(Study material)

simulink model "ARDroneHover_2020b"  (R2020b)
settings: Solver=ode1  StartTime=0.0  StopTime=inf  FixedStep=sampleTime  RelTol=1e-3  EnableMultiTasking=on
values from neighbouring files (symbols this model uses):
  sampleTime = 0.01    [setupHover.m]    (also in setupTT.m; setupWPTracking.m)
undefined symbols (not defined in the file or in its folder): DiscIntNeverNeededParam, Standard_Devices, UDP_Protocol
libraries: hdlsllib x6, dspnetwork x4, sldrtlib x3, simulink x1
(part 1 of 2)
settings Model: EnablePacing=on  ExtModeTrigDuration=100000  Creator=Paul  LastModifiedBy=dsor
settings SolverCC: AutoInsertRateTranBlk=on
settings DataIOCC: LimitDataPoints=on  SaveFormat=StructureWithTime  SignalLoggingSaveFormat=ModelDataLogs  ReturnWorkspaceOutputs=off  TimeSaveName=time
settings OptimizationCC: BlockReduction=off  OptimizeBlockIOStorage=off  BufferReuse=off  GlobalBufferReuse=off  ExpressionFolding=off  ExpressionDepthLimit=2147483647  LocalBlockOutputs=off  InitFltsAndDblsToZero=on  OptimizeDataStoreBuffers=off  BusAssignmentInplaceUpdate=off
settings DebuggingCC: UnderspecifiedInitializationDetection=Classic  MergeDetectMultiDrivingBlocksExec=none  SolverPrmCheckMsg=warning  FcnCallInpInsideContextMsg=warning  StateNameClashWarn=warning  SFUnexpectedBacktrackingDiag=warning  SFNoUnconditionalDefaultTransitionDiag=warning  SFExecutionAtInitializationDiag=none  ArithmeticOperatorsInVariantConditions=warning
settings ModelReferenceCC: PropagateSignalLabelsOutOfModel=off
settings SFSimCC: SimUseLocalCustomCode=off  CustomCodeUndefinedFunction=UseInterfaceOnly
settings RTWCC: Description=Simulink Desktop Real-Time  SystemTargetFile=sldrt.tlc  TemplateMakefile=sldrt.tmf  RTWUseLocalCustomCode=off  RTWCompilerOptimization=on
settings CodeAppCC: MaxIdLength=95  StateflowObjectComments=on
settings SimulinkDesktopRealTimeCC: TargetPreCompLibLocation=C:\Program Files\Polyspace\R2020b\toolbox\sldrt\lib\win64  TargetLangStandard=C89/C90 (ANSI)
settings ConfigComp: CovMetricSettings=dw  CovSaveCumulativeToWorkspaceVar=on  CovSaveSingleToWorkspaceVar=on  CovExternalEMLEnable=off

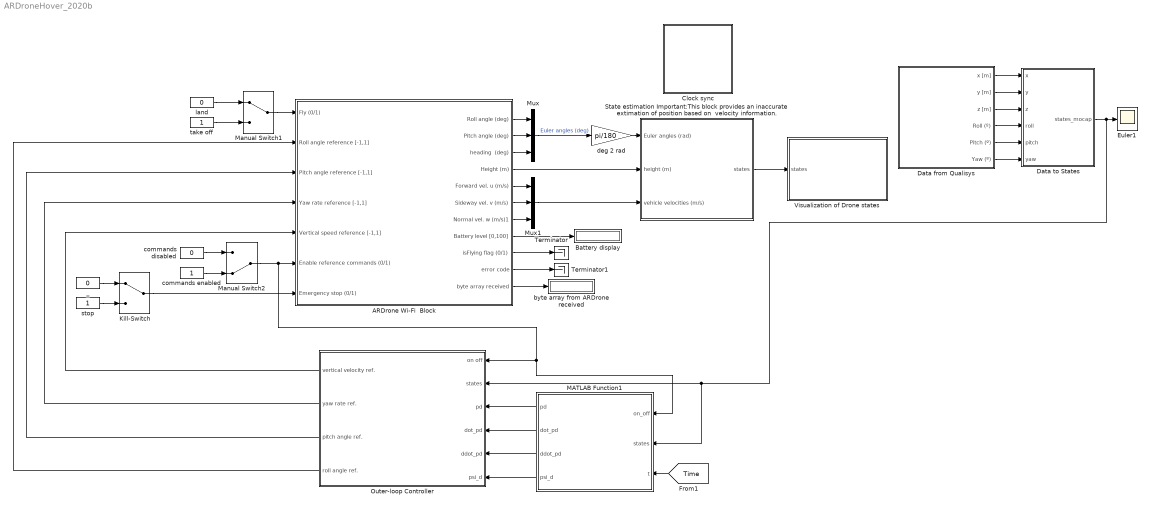
== system ARDroneHover_2020b ==
  ARDrone Wi-Fi  Block : Subsystem  AncestorBlock="ARBlocks/ARDrone Wi-Fi  Block"
  Battery display : Display
  Clock sync : Subsystem
  Data from Qualisys : Subsystem
  Data to States : Subsystem
  Euler1 : Scope
  Kill-Switch : ManualSwitch
  MATLAB Function1 : MATLAB Function  TreatAsAtomicUnit=on  SystemSampleTime=sampleTime
  Manual Switch1 : ManualSwitch
  Manual Switch2 : ManualSwitch  CurrentSetting=0
  Mux : Mux  Inputs=3
  Mux1 : Mux  Inputs=3
  Outer-loop Controller : Subsystem
  "State estimation Important:This block provides an inaccurate extimation of position based on  velocity information. " : Subsystem  AncestorBlock=|
      | ARBlocks/Position estimation
      | Important:This block provides an 
      | inaccurate extimation of position 
      | based on  velocity information.
  Terminator : Terminator
  Terminator1 : Terminator
  Visualization of Drone states : Subsystem
  _ : Constant  Value=0
  "byte array from ARDrone received " : Display
  commands disabled : Constant  Value=0
  commands enabled : Constant
  deg 2 rad : Gain  Gain=pi/180
  land : Constant  Value=0
  stop : Constant
  take off : Constant
  wires:
  _/1 -> Kill-Switch/1
  stop/1 -> Kill-Switch/2
  land/1 -> Manual Switch1/1
  take off/1 -> Manual Switch1/2
  commands disabled/1 -> Manual Switch2/1
  commands enabled/1 -> Manual Switch2/2
  Manual Switch1/1 -> ARDrone Wi-Fi  Block/1(Fly (0/1))
  Manual Switch2/1 -> ARDrone Wi-Fi  Block/6(Enable reference commands (0/1)), MATLAB Function1/1(on_off), Outer-loop Controller/1(on off)
  Kill-Switch/1 -> ARDrone Wi-Fi  Block/7(Emergency stop (0/1))
  ARDrone Wi-Fi  Block/1(Roll angle (deg)) -> Mux/1
  ARDrone Wi-Fi  Block/2(Pitch angle (deg)) -> Mux/2
  ARDrone Wi-Fi  Block/5(Forward vel. u (m/s)) -> Mux1/1
  ARDrone Wi-Fi  Block/6(Sideway vel. v (m/s)) -> Mux1/2
  ARDrone Wi-Fi  Block/7(Normal vel. w (m/s)1) -> Mux1/3
  Mux/1 -> deg 2 rad/1  "Euler angles (deg)"
  ARDrone Wi-Fi  Block/8(Battery level [0,100]) -> Battery display/1
  Outer-loop Controller/1(vertical velocity ref.) -> ARDrone Wi-Fi  Block/5(Vertical speed reference [-1,1])
  "State estimation Important:This block provides an inaccurate extimation of position based on  velocity information. "/1(states) -> Visualization of Drone states/1(states)
  deg 2 rad/1 -> "State estimation Important:This block provides an inaccurate extimation of position based on  velocity information. "/1(Euler angles (rad))
  Mux1/1 -> "State estimation Important:This block provides an inaccurate extimation of position based on  velocity information. "/3(vehicle velocities (m/s))
  ARDrone Wi-Fi  Block/3(heading  (deg)) -> Mux/3
  ARDrone Wi-Fi  Block/9(isFlying flag (0/1)) -> Terminator/1
  ARDrone Wi-Fi  Block/10(error code) -> Terminator1/1
  ARDrone Wi-Fi  Block/11(byte array received) -> "byte array from ARDrone received "/1
  Outer-loop Controller/2(yaw rate ref.) -> ARDrone Wi-Fi  Block/4(Yaw rate reference [-1,1])
  MATLAB Function1/2(dot_pd) -> Outer-loop Controller/4(dot_pd)
  MATLAB Function1/3(ddot_pd) -> Outer-loop Controller/5(ddot_pd)
  MATLAB Function1/4(psi_d) -> Outer-loop Controller/6(psi_d)
  MATLAB Function1/1(pd) -> Outer-loop Controller/3(pd)
  Data from Qualisys/1(x [m]) -> Data to States/1(x)
  Data from Qualisys/2(y [m]) -> Data to States/2(y)
  Data from Qualisys/3(z [m]) -> Data to States/3(z)
  Data from Qualisys/4(Roll (º)) -> Data to States/4(roll)
  Data from Qualisys/5(Pitch (º)) -> Data to States/5(pitch)
  Data from Qualisys/6(Yaw (º)) -> Data to States/6(yaw)
  [Time] -> MATLAB Function1/3(t)
  ARDrone Wi-Fi  Block/4(Height (m)) -> "State estimation Important:This block provides an inaccurate extimation of position based on  velocity information. "/2(height (m))
  Data to States/1(states_mocap) -> MATLAB Function1/2(states), Outer-loop Controller/2(states), Euler1/1
  Outer-loop Controller/4(roll angle ref.) -> ARDrone Wi-Fi  Block/2(Roll angle reference [-1,1])
  Outer-loop Controller/3(pitch angle ref.) -> ARDrone Wi-Fi  Block/3(Pitch angle reference [-1,1])

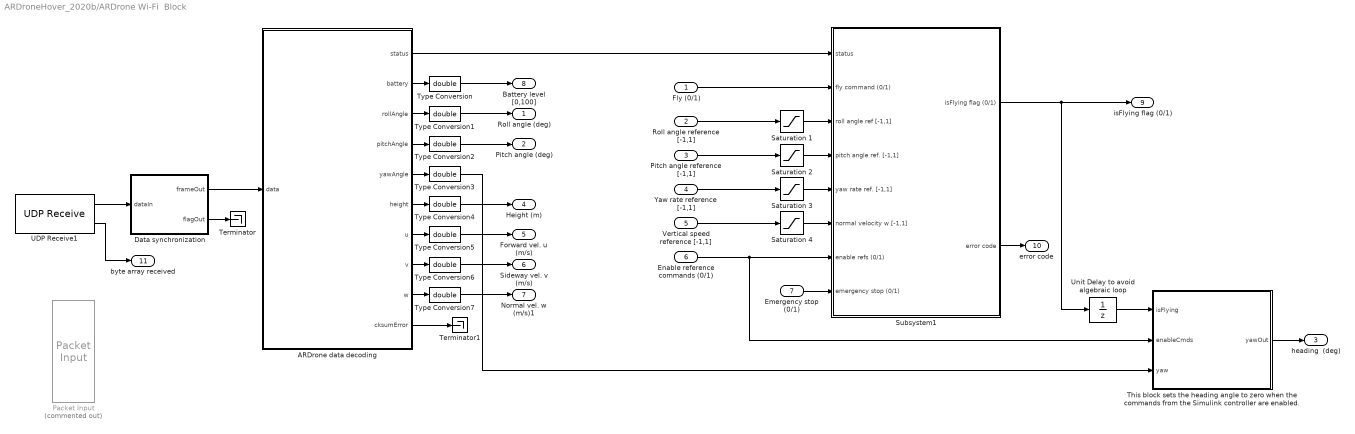
== system ARDroneHover_2020b/ARDrone Wi-Fi  Block ==
  Fly (0/1) : Inport
  Roll angle reference [-1,1] : Inport  Port=2
  Pitch angle reference [-1,1] : Inport  Port=3
  Yaw rate reference [-1,1] : Inport  Port=4
  Vertical speed reference [-1,1] : Inport  Port=5
  Enable reference commands (0/1) : Inport  Port=6
  Emergency stop (0/1) : Inport  Port=7
  ARDrone data decoding : MATLAB Function  TreatAsAtomicUnit=on
  "Data synchronization " : MATLAB Function  TreatAsAtomicUnit=on
  Packet Input : sldrtlib/Packet Input  Commented=on  SampleTime=sampleTime  MaxMissedTicks=100  ShowMissedTicks=off  YieldWhenWaiting=off  DrvName=Standard_Devices/UDP_Protocol  DrvAddress=5554  DrvOptions=[3232235777 5554]  PacketSize=500  DataTypes='500*uint8'  ShowReady=on  ShowError=off  PacketID=1  ByteOrder=1  ShowTimestamp=off
      settings: AttributesFormatString=UDP Protocol [5554]
  Saturation {1..4} (4 alike) : Saturate  UpperLimit=1  LowerLimit=-1
  Subsystem1 : Subsystem
  Terminator : Terminator
  Terminator1 : Terminator
  "This block sets the heading angle to zero when the commands from the Simulink controller are enabled. " : MATLAB Function  TreatAsAtomicUnit=on
  Type Conversion{,1..7} (8 alike) : DataTypeConversion  OutDataTypeStr=double
  UDP Receive1 : dspnetwork/UDP Receive  localURL='0.0.0.0'  localPort=5554  remoteURL='192.168.1.1'  remotePort=-1  recvBufferSize=500  dims=500  signalDatatype=uint8  isComplex=off  isVarSize=off  showBlockingTime=off  blockingTime=0  sampletime=sampleTime  blockPlatform=[]
  Unit Delay to avoid algebraic loop : UnitDelay  SampleTime=-1  HasFrameUpgradeWarning=on
  Roll angle (deg) : Outport  VectorParamsAs1DForOutWhenUnconnected=off
  Pitch angle (deg) : Outport  Port=2  VectorParamsAs1DForOutWhenUnconnected=off
  heading  (deg) : Outport  Port=3  VectorParamsAs1DForOutWhenUnconnected=off
  Height (m) : Outport  Port=4  VectorParamsAs1DForOutWhenUnconnected=off
  Forward vel. u (m/s) : Outport  Port=5  VectorParamsAs1DForOutWhenUnconnected=off
  Sideway vel. v (m/s) : Outport  Port=6  VectorParamsAs1DForOutWhenUnconnected=off
  Normal vel. w (m/s)1 : Outport  Port=7  VectorParamsAs1DForOutWhenUnconnected=off
  Battery level [0,100] : Outport  Port=8  VectorParamsAs1DForOutWhenUnconnected=off
  isFlying flag (0/1) : Outport  Port=9  VectorParamsAs1DForOutWhenUnconnected=off
  error code : Outport  Port=10  VectorParamsAs1DForOutWhenUnconnected=off
  byte array received : Outport  Port=11  VectorParamsAs1DForOutWhenUnconnected=off
  wires:
  Unit Delay to avoid algebraic loop/1 -> "This block sets the heading angle to zero when the commands from the Simulink controller are enabled. "/1(isFlying)
  "Data synchronization "/2(flagOut) -> Terminator/1
  Saturation 4/1 -> Subsystem1/6(normal velocity w [-1,1])
  Saturation 3/1 -> Subsystem1/5(yaw rate ref. [-1,1])
  Saturation 2/1 -> Subsystem1/4(pitch angle ref. [-1,1])
  Saturation 1/1 -> Subsystem1/3(roll angle ref [-1,1])
  Fly (0/1)/1 -> Subsystem1/2(fly command (0/1))
  "This block sets the heading angle to zero when the commands from the Simulink controller are enabled. "/1(yawOut) -> heading  (deg)/1
  Type Conversion3/1 -> "This block sets the heading angle to zero when the commands from the Simulink controller are enabled. "/3(yaw)
  Type Conversion7/1 -> Normal vel. w (m/s)1/1
  Type Conversion6/1 -> Sideway vel. v (m/s)/1
  Type Conversion5/1 -> Forward vel. u (m/s)/1
  Type Conversion4/1 -> Height (m)/1
  Type Conversion2/1 -> Pitch angle (deg)/1
  Type Conversion1/1 -> Roll angle (deg)/1
  Type Conversion/1 -> Battery level [0,100]/1
  ARDrone data decoding/10(cksumError) -> Terminator1/1
  Subsystem1/2(error code) -> error code/1
  Subsystem1/1(isFlying flag (0/1)) -> isFlying flag (0/1)/1, Unit Delay to avoid algebraic loop/1
  Emergency stop (0/1)/1 -> Subsystem1/8(emergency stop (0/1))
  Enable reference commands (0/1)/1 -> Subsystem1/7(enable refs (0/1)), "This block sets the heading angle to zero when the commands from the Simulink controller are enabled. "/2(enableCmds)
  Vertical speed reference [-1,1]/1 -> Saturation 4/1
  Yaw rate reference [-1,1]/1 -> Saturation 3/1
  Pitch angle reference [-1,1]/1 -> Saturation 2/1
  Roll angle reference [-1,1]/1 -> Saturation 1/1
  ARDrone data decoding/1(status) -> Subsystem1/1(status)
  UDP Receive1/2 -> byte array received/1
  ARDrone data decoding/9(w) -> Type Conversion7/1
  ARDrone data decoding/8(v) -> Type Conversion6/1
  ARDrone data decoding/7(u) -> Type Conversion5/1
  ARDrone data decoding/4(pitchAngle) -> Type Conversion2/1
  ARDrone data decoding/3(rollAngle) -> Type Conversion1/1
  ARDrone data decoding/6(height) -> Type Conversion4/1
  ARDrone data decoding/2(battery) -> Type Conversion/1
  ARDrone data decoding/5(yawAngle) -> Type Conversion3/1
  "Data synchronization "/1(frameOut) -> ARDrone data decoding/1(data)
  UDP Receive1/1 -> "Data synchronization "/1(dataIn)

== system ARDroneHover_2020b/Clock sync ==
  Clock1 : Clock
  To Workspace6 : ToWorkspace  VariableName=timeRT  SampleTime=sampleTime
  tag scope: Time=global
  wires:
  Clock1/1 -> [Time], To Workspace6/1

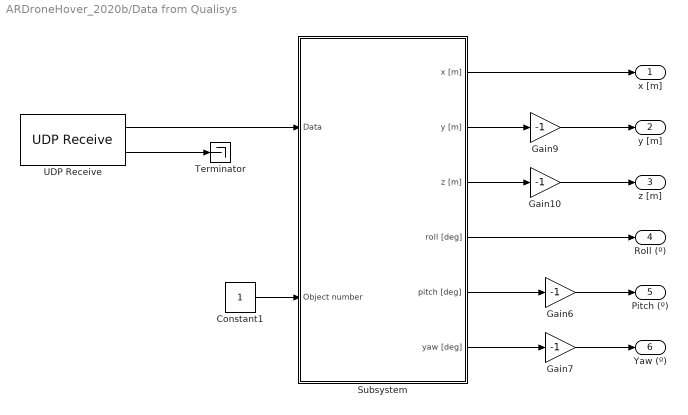
== system ARDroneHover_2020b/Data from Qualisys ==
  Constant1 : Constant
  Gain{6..7,9..10} (4 alike) : Gain  Gain=-1
  Subsystem : Subsystem
  Terminator : Terminator
  UDP Receive : dspnetwork/UDP Receive  localURL='0.0.0.0'  localPort=9089  remoteURL='169.254.54.40'  remotePort=-1  recvBufferSize=64  dims=255  signalDatatype=uint8  isComplex=off  isVarSize=off  showBlockingTime=off  blockingTime=0  sampletime=sampleTime  blockPlatform=[]
  x [m] : Outport
  y [m] : Outport  Port=2
  z [m] : Outport  Port=3
  Roll (º) : Outport  Port=4
  Pitch (º) : Outport  Port=5
  Yaw (º) : Outport  Port=6
  wires:
  Subsystem/3(z [m]) -> Gain10/1
  Subsystem/2(y [m]) -> Gain9/1
  Constant1/1 -> Subsystem/2(Object number)
  Subsystem/5(pitch [deg]) -> Gain6/1
  Gain7/1 -> Yaw (º)/1
  Gain10/1 -> z [m]/1
  Gain6/1 -> Pitch (º)/1
  Gain9/1 -> y [m]/1
  Subsystem/1(x [m]) -> x [m]/1
  UDP Receive/2 -> Terminator/1
  UDP Receive/1 -> Subsystem/1(Data)
  Subsystem/4(roll [deg]) -> Roll (º)/1
  Subsystem/6(yaw [deg]) -> Gain7/1

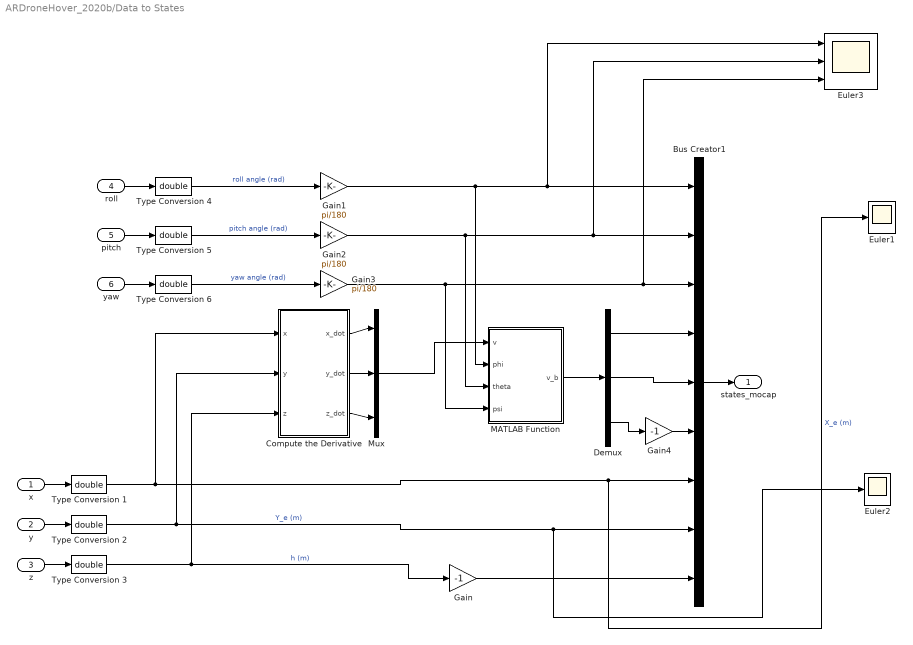
== system ARDroneHover_2020b/Data to States ==
  x : Inport
  y : Inport  Port=2
  z : Inport  Port=3
  roll : Inport  Port=4
  pitch : Inport  Port=5
  yaw : Inport  Port=6
  Bus Creator1 : BusCreator  Inputs=9
  Compute the Derivative : Subsystem
  Demux : Demux  Outputs=3
  Euler1 : Scope
  Euler2 : Scope
  Euler3 : Scope  NumInputPorts=3
  Gain : Gain  Gain=-1
  Gain1 : Gain  Gain=pi/180
  Gain2 : Gain  Gain=pi/180
  Gain3 : Gain  Gain=pi/180
  Gain4 : Gain  Gain=-1
  MATLAB Function : MATLAB Function  TreatAsAtomicUnit=on
  Mux : Mux  Inputs=3
  Type Conversion {1..6} (6 alike) : DataTypeConversion  OutDataTypeStr=double
  states_mocap : Outport  VectorParamsAs1DForOutWhenUnconnected=off
  wires:
  x/1 -> Type Conversion 1/1
  y/1 -> Type Conversion 2/1
  z/1 -> Type Conversion 3/1
  roll/1 -> Type Conversion 4/1
  pitch/1 -> Type Conversion 5/1
  yaw/1 -> Type Conversion 6/1
  Type Conversion 6/1 -> Gain3/1  "yaw angle (rad)"
  Type Conversion 4/1 -> Gain1/1  "roll angle (rad)"
  Type Conversion 5/1 -> Gain2/1  "pitch angle (rad)"
  Type Conversion 1/1 -> Compute the Derivative/1(x), Euler1/1, Bus Creator1/7  "X_e (m)"
  Type Conversion 3/1 -> Compute the Derivative/3(z), Gain/1  "h (m)"
  Type Conversion 2/1 -> Compute the Derivative/2(y), Euler2/1, Bus Creator1/8  "Y_e (m)"
  Gain/1 -> Bus Creator1/9
  Compute the Derivative/1(x_dot) -> Mux/1
  Compute the Derivative/2(y_dot) -> Mux/2
  Compute the Derivative/3(z_dot) -> Mux/3
  MATLAB Function/1(v_b) -> Demux/1
  Mux/1 -> MATLAB Function/1(v)
  Gain1/1 -> Euler3/1, Bus Creator1/1, MATLAB Function/2(phi)
  Gain2/1 -> MATLAB Function/3(theta), Euler3/2, Bus Creator1/2
  Gain3/1 -> MATLAB Function/4(psi), Euler3/3, Bus Creator1/3
  Demux/1 -> Bus Creator1/4
  Demux/2 -> Bus Creator1/5
  Gain4/1 -> Bus Creator1/6
  Demux/3 -> Gain4/1
  Bus Creator1/1 -> states_mocap/1

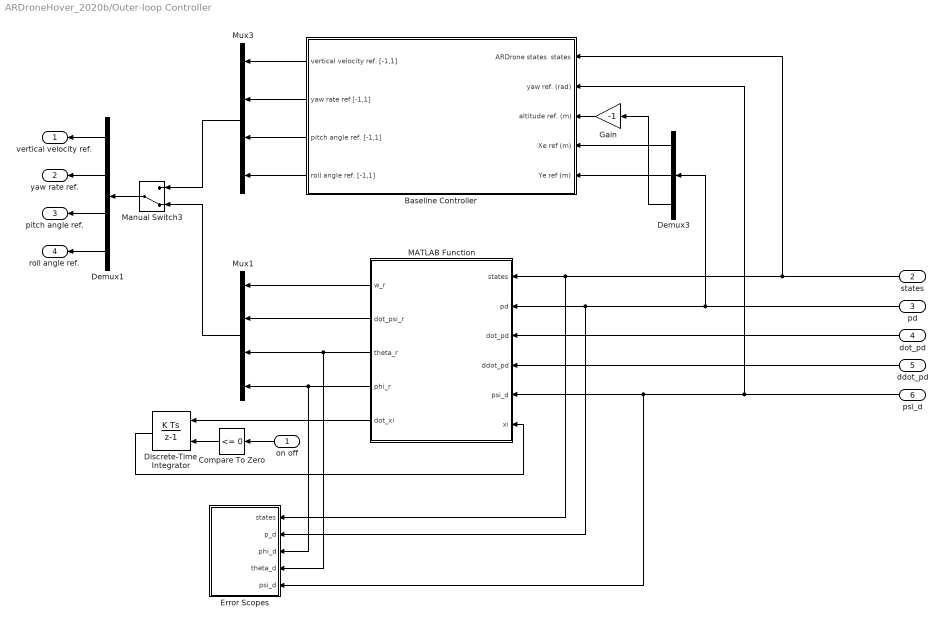
== system ARDroneHover_2020b/Outer-loop Controller ==
  on off : Inport  PortDimensions=1
  states : Inport  Port=2
  pd : Inport  Port=3  PortDimensions=[3 1]
  dot_pd : Inport  Port=4  PortDimensions=[3 1]
  ddot_pd : Inport  Port=5  PortDimensions=[3 1]
  psi_d : Inport  Port=6  PortDimensions=1
  Baseline Controller : Subsystem  AncestorBlock=ARBlocks/Baseline Controller
  Compare To Zero : simulink/Logic and Bit Operations/Compare To Zero  relop=<=  OutDataTypeStr=boolean
  Demux1 : Demux  Outputs=[1,1,1,1]
  Demux3 : Demux  Outputs=[1,1,1]
  Discrete-Time Integrator : DiscreteIntegrator  ExternalReset=level  InitialCondition=[0;0;0;0]  SampleTime=sampleTime  LimitOutput=on  UpperSaturationLimit=100  LowerSaturationLimit=-100  ICPrevOutput=DiscIntNeverNeededParam  ICPrevScaledInput=DiscIntNeverNeededParam
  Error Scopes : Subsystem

(End Study material)

- [Work instruction] When copying the data above, please keep exactly the lines from its first line through the line with "settings Model: EnablePacing=on", both ends included, and drop the rest.

- [Answer to this problem]
simulink model "ARDroneHover_2020b"  (R2020b)
settings: Solver=ode1  StartTime=0.0  StopTime=inf  FixedStep=sampleTime  RelTol=1e-3  EnableMultiTasking=on
values from neighbouring files (symbols this model uses):
  sampleTime = 0.01    [setupHover.m]    (also in setupTT.m; setupWPTracking.m)
undefined symbols (not defined in the file or in its folder): DiscIntNeverNeededParam, Standard_Devices, UDP_Protocol
libraries: hdlsllib x6, dspnetwork x4, sldrtlib x3, simulink x1
(part 1 of 2)
settings Model: EnablePacing=on  ExtModeTrigDuration=100000  Creator=Paul  LastModifiedBy=dsor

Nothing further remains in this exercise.